• **Task to complete**:
Return all lines of the data in which the string "along" occurs.

Start of Material for this task

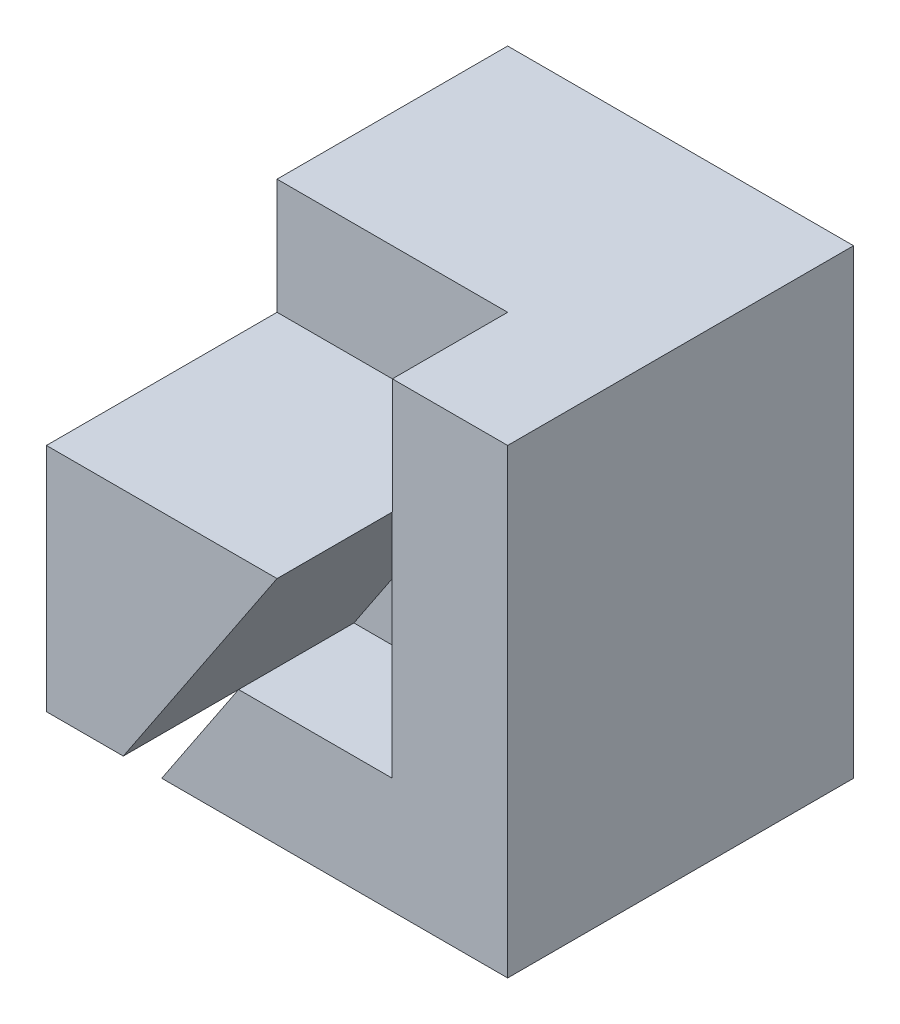
SolidWorks part; units mm, degrees
ref_plane "Front Plane" through (0, 0, 0) normal (0, 0, 1) x (1, 0, 0)
ref_plane "Top Plane" through (0, 0, 0) normal (0, 1, 0) x (1, 0, 0)
ref_plane "Right Plane" through (0, 0, 0) normal (1, 0, 0) x (0, 0, -1)
sketch "Sketch1" plane through (0, 0, 0) normal (0, 0, 1) x (1, 0, 0)
  line L1 (0, 0) -> (40, 0)
  line L2 (0, 0) -> (0, 40)
  line L3 (0, 40) -> (40, 40)
  line L4 (40, 0) -> (40, 40)
  dimension "D1" = 40
  dimension "D2" = 40
extrude "Boss-Extrude1" add sketch "Sketch1" along normal blind 40
sketch "Sketch2" plane through (0, 0, 40) normal (0, 0, 1) x (1, 0, 0)
  line L1 (0, 40) -> (10, 40)
  line L2 (0, 40) -> (0, 30)
  line L3 (0, 30) -> (10, 30)
  line L4 (10, 40) -> (10, 30)
  dimension "D1" = 10
  dimension "D2" = 10
extrude "Cut-Extrude1" cut sketch "Sketch2" against normal blind 40
sketch "Sketch4" plane through (0, 40, 0) normal (0, 1, 0) x (1, 0, 0)
  line L1 (40, -40) -> (30, -40)
  line L2 (40, -40) -> (40, -30)
  line L3 (40, -30) -> (30, -30)
  line L4 (30, -40) -> (30, -30)
  line L5 (10, -40) -> (0, -40)
  line L6 (10, -40) -> (10, -10)
  line L7 (10, -10) -> (0, -10)
  line L8 (0, -40) -> (0, -10)
  dimension "D1" = 10
  dimension "D2" = 10
  dimension "D3" = 10
  dimension "D4" = 30
extrude "Cut-Extrude2" cut sketch "Sketch4" against normal blind 40
sketch "Sketch5" plane through (0, 0, 40) normal (0, 0, 1) x (1, 0, 0)
  line L0 (10, 0) -> (10, 40) construction
  line L1 (30, 0) -> (10, 0)
  line L2 (30, 0) -> (30, 10)
  line L3 (30, 10) -> (10, 10)
  line L4 (10, 0) -> (10, 10)
  dimension "D1" = 10
extrude "Cut-Extrude3" cut sketch "Sketch5" against normal blind 10
sketch "Sketch7" plane through (0, 0, 40) normal (0, 0, 1) x (1, 0, 0)
  line L0 (10, 10) -> (10, 40) construction
  line L1 (30, 40) -> (10, 40)
  line L2 (30, 40) -> (30, 30)
  line L3 (30, 30) -> (10, 30)
  line L4 (10, 40) -> (10, 30)
  dimension "D1" = 10
extrude "Cut-Extrude16" cut sketch "Sketch7" against normal blind 20
sketch "Sketch11" plane through (0, 0, 40) normal (0, 0, 1) x (1, 0, 0)
  line L1 (10, 30) -> (30, 30)
  line L2 (10, 30) -> (10, 10)
  line L3 (10, 10) -> (30, 10)
  line L4 (30, 30) -> (30, 10)
extrude "Cut-Extrude19" cut sketch "Sketch11" against normal blind 10
sketch "Sketch12" plane through (0, 0, 0) normal (0, 0, -1) x (-1, 0, 0)
  line L0 (-10, 30) -> (-40, 40)
  line L1 (-40, 40) -> (-10, 40)
  line L2 (-10, 40) -> (-10, 30)
extrude "Cut-Extrude20" cut sketch "Sketch12" against normal blind 10
sketch "Sketch13" plane through (0, 0, 20) normal (0, 0, 1) x (1, 0, 0)
  line L1 (10, 40) -> (30, 40)
  line L2 (10, 40) -> (10, 30)
  line L3 (10, 30) -> (30, 30)
  line L4 (30, 40) -> (30, 30)
extrude "Cut-Extrude21" cut sketch "Sketch13" against normal blind 10
ref_plane "Plane1" through (30, 30, 30) normal (0, 1, 0) x (1, 0, 0)
sketch "Sketch15" plane through (0, 0, 0) normal (0, 0, -1) x (-1, 0, 0)
  line L0 (-40, 40) -> (-10, 40)
  line L1 (-10, 30) -> (-10, 40)
  line L2 (-40, 40) -> (-10, 30)
extrude "Boss-Extrude2" add sketch "Sketch15" against normal blind 10
sketch "Sketch16" plane through (0, 0, 30) normal (0, 0, 1) x (1, 0, 0)
  line L1 (10, 30) -> (30, 30)
  line L2 (10, 30) -> (10, 10)
  line L3 (10, 10) -> (30, 10)
  line L4 (30, 30) -> (30, 10)
  dimension "D1" = 20
  dimension "D2" = 20
extrude "Cut-Extrude25" cut sketch "Sketch16" against normal blind 10
sketch "Sketch19" plane through (0, 0, 30) normal (0, 0, 1) x (1, 0, 0)
  line L0 (10, 0) -> (30, 30)
  line L1 (30, 30) -> (10, 30)
  line L2 (10, 30) -> (10, 0)
  dimension "D1" = 20
  dimension "D2" = 30
extrude "Cut-Extrude26" cut sketch "Sketch19" against normal blind 10
sketch "Sketch22" plane through (0, 0, 10) normal (0, 0, 1) x (1, 0, 0)
  line L1 (10, 40) -> (30, 40)
  line L2 (10, 40) -> (10, 30)
  line L3 (10, 30) -> (30, 30)
  line L4 (30, 40) -> (30, 30)
extrude "Boss-Extrude5" add sketch "Sketch22" along normal blind 10
sketch "Sketch23" plane through (0, 0, 20) normal (0, 0, 1) x (1, 0, 0)
  line L0 (16.6667, 10) -> (10, 10)
  line L1 (10, 40) -> (10, 0) construction
  line L2 (10, 10) -> (10, 0)
  line L3 (10, 0) -> (16.6667, 10)
extrude "Boss-Extrude6" add sketch "Sketch23" along normal blind 10
sketch "Sketch24" plane through (0, 0, 20) normal (0, 0, 1) x (1, 0, 0)
  line L0 (30, 10) -> (30, 40) construction
  line L1 (10, 10) -> (30, 10)
  line L2 (10, 10) -> (10, 30)
  line L3 (10, 30) -> (30, 30)
  line L4 (30, 10) -> (30, 30)
  dimension "D1" = 20
extrude "Boss-Extrude7" add sketch "Sketch24" along normal blind 10
sketch "Sketch25" plane through (0, 0, 30) normal (0, 0, 1) x (1, 0, 0)
  line L0 (10, 0) -> (30, 30)
  line L1 (30, 30) -> (10, 30)
  line L2 (10, 30) -> (10, 0)
extrude "Boss-Extrude8" add sketch "Sketch25" along normal blind 10
sketch "Sketch26" plane through (0, 0, 30) normal (0, 0, 1) x (1, 0, 0)
  line L0 (30, 30) -> (30, 10)
  line L1 (30, 10) -> (16.6667, 10)
  line L2 (10, 0) -> (30, 30) construction
  line L3 (30, 30) -> (16.6667, 10)
  dimension "D1" = 20
extrude "Boss-Extrude9" add sketch "Sketch26" along normal blind 10
sketch "Sketch27" plane through (0, 0, 40) normal (0, 0, 1) x (1, 0, 0)
  line L0 (10, 0) -> (30, 30)
  line L1 (30, 30) -> (10, 30)
  line L2 (10, 30) -> (10, 0)
extrude "Cut-Extrude27" cut sketch "Sketch27" against normal blind 10
sketch "Sketch28" plane through (0, 0, 30) normal (0, 0, 1) x (1, 0, 0)
  line L0 (16.6667, 10) -> (10, 0)
  line L1 (10, 0) -> (16.6667, 10)
  line L2 (16.6667, 10) -> (10, 10)
  line L3 (10, 30) -> (10, 0) construction
  line L4 (10, 10) -> (10, 0)
  line L5 (10, 10) -> (10, 30)
  line L6 (10, 30) -> (30, 30)
  line L7 (30, 30) -> (16.6667, 10)
  line M2 (16.6667, 10) -> (30, 30)
  line M3 (30, 30) -> (10, 30)
  line M4 (10, 30) -> (10, 0)
extrude "Boss-Extrude12" add sketch "Sketch28" along normal blind 10 contours L2 M2 M3 M4 | L0 L2 M4
sketch "Sketch29" plane through (0, 0, 40) normal (0, 0, 1) x (1, 0, 0)
  line L0 (16.6667, 10) -> (30, 30)
  line L1 (16.6667, 10) -> (29.9667, 10)
  line L2 (16.6667, 10) -> (30, 10) construction
  line L3 (29.9667, 10) -> (29.9667, 29.95)
  line M5 (16.6667, 10) -> (30, 10)
  dimension "D1" = 13.3
extrude "Cut-Extrude30" cut sketch "Sketch29" against normal blind 20 contours L3 L0 M5
sketch "Sketch30" plane through (0, 0, 40) normal (0, 0, 1) x (1, 0, 0)
  line L0 (30, 30) -> (10, 30)
  line L1 (10, 30) -> (10, 10)
  line L2 (10, 30) -> (10, 0) construction
  line L3 (10, 10) -> (16.6667, 10)
  line L4 (10, 0) -> (29.9667, 29.95) construction
  line L5 (16.6667, 10) -> (30, 30)
  dimension "D1" = 20
extrude "Cut-Extrude31" cut sketch "Sketch30" against normal blind 10
sketch "Sketch32" plane through (29.9667, 0, 0) normal (-1, 0, 0) x (0, 0, 1)
  line L1 (30, 29.95) -> (40, 29.95)
  line L2 (30, 29.95) -> (30, 10)
  line L3 (30, 10) -> (40, 10)
  line L4 (40, 29.95) -> (40, 10)
extrude "Cut-Extrude36" cut sketch "Sketch32" against normal blind 10
sketch "Sketch33" plane through (0, 29.95, 0) normal (0, -1, 0) x (1, 0, 0)
  line L1 (29.9667, 30) -> (30, 30)
  line L2 (29.9667, 30) -> (29.9667, 40)
  line L3 (29.9667, 40) -> (30, 40)
  line L4 (30, 30) -> (30, 40)
extrude "Cut-Extrude37" cut sketch "Sketch33" against normal blind 10
sketch "Sketch34" plane through (0, 0, 30) normal (0, 0, 1) x (1, 0, 0)
  line L0 (10, 10) -> (16.6667, 10)
  line L1 (16.6667, 10) -> (30, 30)
  line L2 (30, 30) -> (10, 30)
  line L3 (10, 30) -> (10, 10)
extrude "Boss-Extrude13" add sketch "Sketch34" along normal blind 10
sketch "Sketch35" plane through (0, 0, 40) normal (0, 0, 1) x (1, 0, 0)
  line L0 (10, 0) -> (10, 9.999)
  line L3 (10, 30) -> (10, 0) construction
  line L4 (10, 9.999) -> (16.666, 9.999)
  line L5 (10, 0) -> (30, 30) construction
  line L6 (16.666, 9.999) -> (10, 0)
  dimension "D1" = 9.999
extrude "Cut-Extrude40" cut sketch "Sketch35" against normal blind 20

End of Material for this task

• **Written solution**:
extrude "Boss-Extrude1" add sketch "Sketch1" along normal blind 40
extrude "Boss-Extrude5" add sketch "Sketch22" along normal blind 10
extrude "Boss-Extrude6" add sketch "Sketch23" along normal blind 10
extrude "Boss-Extrude7" add sketch "Sketch24" along normal blind 10
extrude "Boss-Extrude8" add sketch "Sketch25" along normal blind 10
extrude "Boss-Extrude9" add sketch "Sketch26" along normal blind 10
extrude "Boss-Extrude12" add sketch "Sketch28" along normal blind 10 contours L2 M2 M3 M4 | L0 L2 M4
extrude "Boss-Extrude13" add sketch "Sketch34" along normal blind 10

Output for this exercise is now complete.